Goal of the exercise => Only one portion of the data is to be written out: from the line bearing "#163=AXIS2_PLACEMENT_3D('',#160,#161,#162);" through the line bearing "#172=LINE('',#171,#170);". Write it exactly as it appears.

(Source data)
· · · · ·

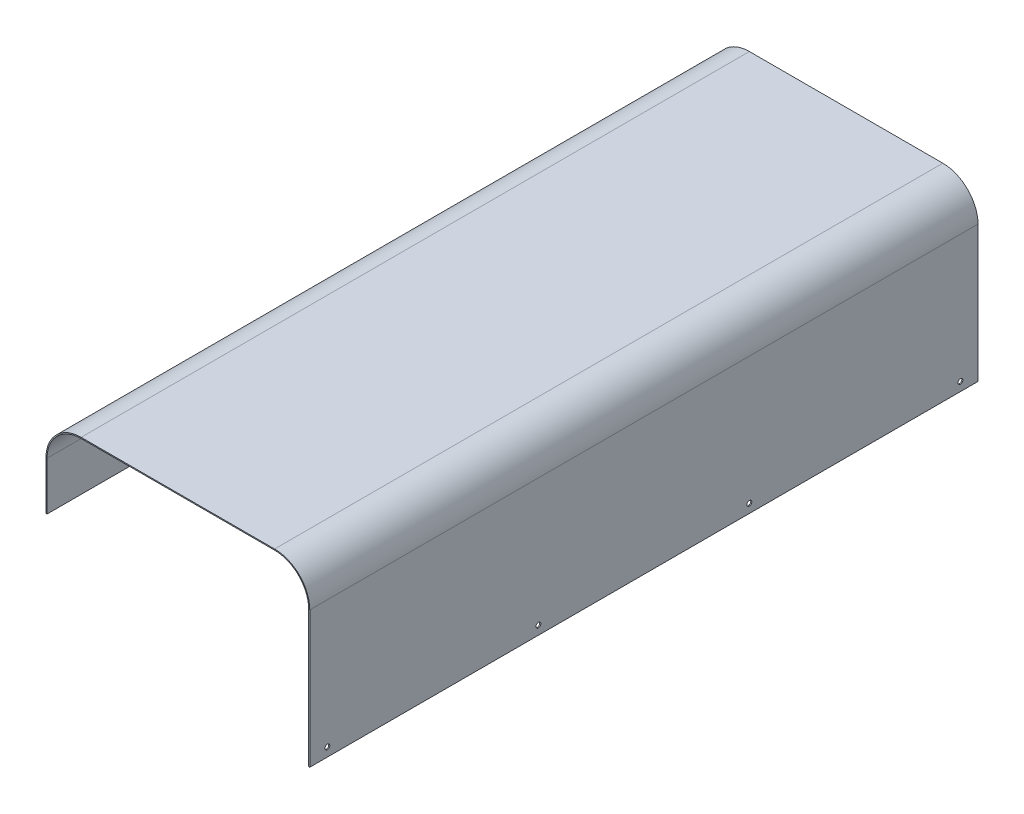
ISO-10303-21;
HEADER;
FILE_DESCRIPTION(('STEP AP214'),'2;1');
FILE_NAME('part.step','',(''),(''),'','','');
FILE_SCHEMA(('AUTOMOTIVE_DESIGN { 1 0 10303 214 1 1 1 1 }'));
ENDSEC;
DATA;
#1=APPLICATION_CONTEXT('core data for automotive mechanical design processes');
#2=APPLICATION_PROTOCOL_DEFINITION('international standard','automotive_design',2000,#1);
#3=PRODUCT_CONTEXT('',#1,'mechanical');
#4=PRODUCT('Part','Part','',(#3));
#5=PRODUCT_RELATED_PRODUCT_CATEGORY('part','',(#4));
#6=PRODUCT_DEFINITION_FORMATION('','',#4);
#7=PRODUCT_DEFINITION_CONTEXT('part definition',#1,'design');
#8=PRODUCT_DEFINITION('design','',#6,#7);
#9=PRODUCT_DEFINITION_SHAPE('','',#8);
#10=(LENGTH_UNIT() NAMED_UNIT(*) SI_UNIT(.MILLI.,.METRE.));
#11=(NAMED_UNIT(*) PLANE_ANGLE_UNIT() SI_UNIT($,.RADIAN.));
#12=(NAMED_UNIT(*) SI_UNIT($,.STERADIAN.) SOLID_ANGLE_UNIT());
#13=UNCERTAINTY_MEASURE_WITH_UNIT(LENGTH_MEASURE(1.E-05),#10,'distance_accuracy_value','');
#14=(GEOMETRIC_REPRESENTATION_CONTEXT(3) GLOBAL_UNCERTAINTY_ASSIGNED_CONTEXT((#13)) GLOBAL_UNIT_ASSIGNED_CONTEXT((#10,
#11,#12)) REPRESENTATION_CONTEXT('',''));
#15=CARTESIAN_POINT('',(0.,0.,0.));
#16=DIRECTION('',(0.,0.,1.));
#17=DIRECTION('',(1.,0.,0.));
#18=AXIS2_PLACEMENT_3D('',#15,#16,#17);
#19=CARTESIAN_POINT('',(-95.25,-60.325,-906.656691417749));
#20=DIRECTION('',(0.,-1.,0.));
#21=DIRECTION('',(0.,0.,1.));
#22=AXIS2_PLACEMENT_3D('',#19,#20,#21);
#23=PLANE('',#22);
#24=DIRECTION('',(-1.,0.,0.));
#25=VECTOR('',#24,1.);
#26=CARTESIAN_POINT('',(-95.25,-60.325,-679.45));
#27=LINE('',#26,#25);
#28=CARTESIAN_POINT('',(-94.488,-60.325,-679.45));
#29=VERTEX_POINT('',#28);
#30=CARTESIAN_POINT('',(-95.25,-60.325,-679.45));
#31=VERTEX_POINT('',#30);
#32=EDGE_CURVE('E11',#29,#31,#27,.T.);
#33=ORIENTED_EDGE('',*,*,#32,.F.);
#34=DIRECTION('',(0.,0.,1.));
#35=VECTOR('',#34,1.);
#36=CARTESIAN_POINT('',(-94.488,-60.325,-906.656691417749));
#37=LINE('',#36,#35);
#38=CARTESIAN_POINT('',(-94.488,-60.325,-196.85));
#39=VERTEX_POINT('',#38);
#40=EDGE_CURVE('E131',#29,#39,#37,.T.);
#41=ORIENTED_EDGE('',*,*,#40,.T.);
#42=DIRECTION('',(-1.,0.,0.));
#43=VECTOR('',#42,1.);
#44=CARTESIAN_POINT('',(-95.25,-60.325,-196.85));
#45=LINE('',#44,#43);
#46=CARTESIAN_POINT('',(-95.25,-60.325,-196.85));
#47=VERTEX_POINT('',#46);
#48=EDGE_CURVE('E46',#39,#47,#45,.T.);
#49=ORIENTED_EDGE('',*,*,#48,.T.);
#50=DIRECTION('',(0.,0.,1.));
#51=VECTOR('',#50,1.);
#52=CARTESIAN_POINT('',(-95.25,-60.325,-906.656691417749));
#53=LINE('',#52,#51);
#54=EDGE_CURVE('E204',#31,#47,#53,.T.);
#55=ORIENTED_EDGE('',*,*,#54,.F.);
#56=EDGE_LOOP('',(#33,#41,#49,#55));
#57=FACE_BOUND('',#56,.T.);
#58=ADVANCED_FACE('F36',(#57),#23,.T.);
#59=CARTESIAN_POINT('',(-95.25,-25.4,-196.85));
#60=DIRECTION('',(0.,0.,-1.));
#61=DIRECTION('',(0.,-1.,0.));
#62=AXIS2_PLACEMENT_3D('',#59,#60,#61);
#63=PLANE('',#62);
#64=ORIENTED_EDGE('',*,*,#48,.F.);
#65=DIRECTION('',(0.,1.,0.));
#66=VECTOR('',#65,1.);
#67=CARTESIAN_POINT('',(-94.488,-25.4,-196.85));
#68=LINE('',#67,#66);
#69=CARTESIAN_POINT('',(-94.488,-25.4,-196.85));
#70=VERTEX_POINT('',#69);
#71=EDGE_CURVE('E136',#70,#39,#68,.F.);
#72=ORIENTED_EDGE('',*,*,#71,.F.);
#73=DIRECTION('',(-1.,0.,0.));
#74=VECTOR('',#73,1.);
#75=CARTESIAN_POINT('',(-95.25,-25.4,-196.85));
#76=LINE('',#75,#74);
#77=CARTESIAN_POINT('',(-95.25,-25.4,-196.85));
#78=VERTEX_POINT('',#77);
#79=EDGE_CURVE('E54',#70,#78,#76,.T.);
#80=ORIENTED_EDGE('',*,*,#79,.T.);
#81=DIRECTION('',(0.,-1.,0.));
#82=VECTOR('',#81,1.);
#83=CARTESIAN_POINT('',(-95.25,-25.4,-196.85));
#84=LINE('',#83,#82);
#85=EDGE_CURVE('E207',#78,#47,#84,.T.);
#86=ORIENTED_EDGE('',*,*,#85,.T.);
#87=EDGE_LOOP('',(#64,#72,#80,#86));
#88=FACE_BOUND('',#87,.T.);
#89=ADVANCED_FACE('F210',(#88),#63,.F.);
#90=CARTESIAN_POINT('',(-69.85,-25.4,-196.85));
#91=DIRECTION('',(0.,0.,-1.));
#92=DIRECTION('',(-1.,0.,0.));
#93=AXIS2_PLACEMENT_3D('',#90,#91,#92);
#94=PLANE('',#93);
#95=ORIENTED_EDGE('',*,*,#79,.F.);
#96=CARTESIAN_POINT('',(-69.85,-25.4,-196.85));
#97=DIRECTION('',(0.,0.,1.));
#98=DIRECTION('',(1.,0.,0.));
#99=AXIS2_PLACEMENT_3D('',#96,#97,#98);
#100=CIRCLE('',#99,24.638);
#101=CARTESIAN_POINT('',(-69.85,-0.762,-196.85));
#102=VERTEX_POINT('',#101);
#103=EDGE_CURVE('E125',#102,#70,#100,.T.);
#104=ORIENTED_EDGE('',*,*,#103,.F.);
#105=DIRECTION('',(0.,1.,0.));
#106=VECTOR('',#105,1.);
#107=CARTESIAN_POINT('',(-69.85,0.,-196.85));
#108=LINE('',#107,#106);
#109=CARTESIAN_POINT('',(-69.85,0.,-196.85));
#110=VERTEX_POINT('',#109);
#111=EDGE_CURVE('E199',#102,#110,#108,.T.);
#112=ORIENTED_EDGE('',*,*,#111,.T.);
#113=CARTESIAN_POINT('',(-69.85,-25.4,-196.85));
#114=DIRECTION('',(0.,0.,1.));
#115=DIRECTION('',(1.,0.,0.));
#116=AXIS2_PLACEMENT_3D('',#113,#114,#115);
#117=CIRCLE('',#116,25.4);
#118=EDGE_CURVE('E114',#110,#78,#117,.T.);
#119=ORIENTED_EDGE('',*,*,#118,.T.);
#120=EDGE_LOOP('',(#95,#104,#112,#119));
#121=FACE_BOUND('',#120,.T.);
#122=ADVANCED_FACE('F238',(#121),#94,.F.);
#123=CARTESIAN_POINT('',(69.85,0.,-196.85));
#124=DIRECTION('',(0.,0.,-1.));
#125=DIRECTION('',(-1.,0.,0.));
#126=AXIS2_PLACEMENT_3D('',#123,#124,#125);
#127=PLANE('',#126);
#128=ORIENTED_EDGE('',*,*,#111,.F.);
#129=DIRECTION('',(-1.,0.,0.));
#130=VECTOR('',#129,1.);
#131=CARTESIAN_POINT('',(69.85,-0.761999999999996,-196.85));
#132=LINE('',#131,#130);
#133=CARTESIAN_POINT('',(69.85,-0.761999999999992,-196.85));
#134=VERTEX_POINT('',#133);
#135=EDGE_CURVE('E153',#134,#102,#132,.T.);
#136=ORIENTED_EDGE('',*,*,#135,.F.);
#137=DIRECTION('',(0.,1.,0.));
#138=VECTOR('',#137,1.);
#139=CARTESIAN_POINT('',(69.85,0.,-196.85));
#140=LINE('',#139,#138);
#141=CARTESIAN_POINT('',(69.85,0.,-196.85));
#142=VERTEX_POINT('',#141);
#143=EDGE_CURVE('E196',#134,#142,#140,.T.);
#144=ORIENTED_EDGE('',*,*,#143,.T.);
#145=DIRECTION('',(-1.,0.,0.));
#146=VECTOR('',#145,1.);
#147=CARTESIAN_POINT('',(69.85,0.,-196.85));
#148=LINE('',#147,#146);
#149=EDGE_CURVE('E235',#142,#110,#148,.T.);
#150=ORIENTED_EDGE('',*,*,#149,.T.);
#151=EDGE_LOOP('',(#128,#136,#144,#150));
#152=FACE_BOUND('',#151,.T.);
#153=ADVANCED_FACE('F230',(#152),#127,.F.);
#154=CARTESIAN_POINT('',(69.85,-25.4,-196.85));
#155=DIRECTION('',(0.,0.,-1.));
#156=DIRECTION('',(-1.,0.,0.));
#157=AXIS2_PLACEMENT_3D('',#154,#155,#156);
#158=PLANE('',#157);
#159=ORIENTED_EDGE('',*,*,#143,.F.);
#160=CARTESIAN_POINT('',(69.85,-25.4,-196.85));
#161=DIRECTION('',(0.,0.,1.));
#162=DIRECTION('',(1.,0.,0.));
#163=AXIS2_PLACEMENT_3D('',#160,#161,#162);
#164=CIRCLE('',#163,24.638);
#165=CARTESIAN_POINT('',(94.488,-25.4000000000001,-196.85));
#166=VERTEX_POINT('',#165);
#167=EDGE_CURVE('E128',#166,#134,#164,.T.);
#168=ORIENTED_EDGE('',*,*,#167,.F.);
#169=DIRECTION('',(1.,0.,0.));
#170=VECTOR('',#169,1.);
#171=CARTESIAN_POINT('',(95.25,-25.4000000000001,-196.85));
#172=LINE('',#171,#170);
#173=CARTESIAN_POINT('',(95.25,-25.4000000000001,-196.85));
#174=VERTEX_POINT('',#173);
#175=EDGE_CURVE('E193',#166,#174,#172,.T.);
#176=ORIENTED_EDGE('',*,*,#175,.T.);
#177=CARTESIAN_POINT('',(69.85,-25.4,-196.85));
#178=DIRECTION('',(0.,0.,1.));
#179=DIRECTION('',(1.,0.,0.));
#180=AXIS2_PLACEMENT_3D('',#177,#178,#179);
#181=CIRCLE('',#180,25.4);
#182=EDGE_CURVE('E293',#174,#142,#181,.T.);
#183=ORIENTED_EDGE('',*,*,#182,.T.);
#184=EDGE_LOOP('',(#159,#168,#176,#183));
#185=FACE_BOUND('',#184,.T.);
#186=ADVANCED_FACE('F461',(#185),#158,.F.);
#187=CARTESIAN_POINT('',(95.25,-123.825,-196.85));
#188=DIRECTION('',(0.,0.,-1.));
#189=DIRECTION('',(0.,1.,0.));
#190=AXIS2_PLACEMENT_3D('',#187,#188,#189);
#191=PLANE('',#190);
#192=ORIENTED_EDGE('',*,*,#175,.F.);
#193=DIRECTION('',(0.,1.,0.));
#194=VECTOR('',#193,1.);
#195=CARTESIAN_POINT('',(94.488,-123.825,-196.85));
#196=LINE('',#195,#194);
#197=CARTESIAN_POINT('',(94.488,-123.825,-196.85));
#198=VERTEX_POINT('',#197);
#199=EDGE_CURVE('E161',#198,#166,#196,.T.);
#200=ORIENTED_EDGE('',*,*,#199,.F.);
#201=DIRECTION('',(1.,0.,0.));
#202=VECTOR('',#201,1.);
#203=CARTESIAN_POINT('',(95.25,-123.825,-196.85));
#204=LINE('',#203,#202);
#205=CARTESIAN_POINT('',(95.25,-123.825,-196.85));
#206=VERTEX_POINT('',#205);
#207=EDGE_CURVE('E190',#198,#206,#204,.T.);
#208=ORIENTED_EDGE('',*,*,#207,.T.);
#209=DIRECTION('',(0.,1.,0.));
#210=VECTOR('',#209,1.);
#211=CARTESIAN_POINT('',(95.25,-123.825,-196.85));
#212=LINE('',#211,#210);
#213=EDGE_CURVE('E271',#206,#174,#212,.T.);
#214=ORIENTED_EDGE('',*,*,#213,.T.);
#215=EDGE_LOOP('',(#192,#200,#208,#214));
#216=FACE_BOUND('',#215,.T.);
#217=ADVANCED_FACE('F314',(#216),#191,.F.);
#218=CARTESIAN_POINT('',(95.25,-123.825,-906.656691417749));
#219=DIRECTION('',(0.,1.,0.));
#220=DIRECTION('',(0.,0.,1.));
#221=AXIS2_PLACEMENT_3D('',#218,#219,#220);
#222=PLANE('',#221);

· · · · ·

Answer area =>
#163=AXIS2_PLACEMENT_3D('',#160,#161,#162);
#164=CIRCLE('',#163,24.638);
#165=CARTESIAN_POINT('',(94.488,-25.4000000000001,-196.85));
#166=VERTEX_POINT('',#165);
#167=EDGE_CURVE('E128',#166,#134,#164,.T.);
#168=ORIENTED_EDGE('',*,*,#167,.F.);
#169=DIRECTION('',(1.,0.,0.));
#170=VECTOR('',#169,1.);
#171=CARTESIAN_POINT('',(95.25,-25.4000000000001,-196.85));
#172=LINE('',#171,#170);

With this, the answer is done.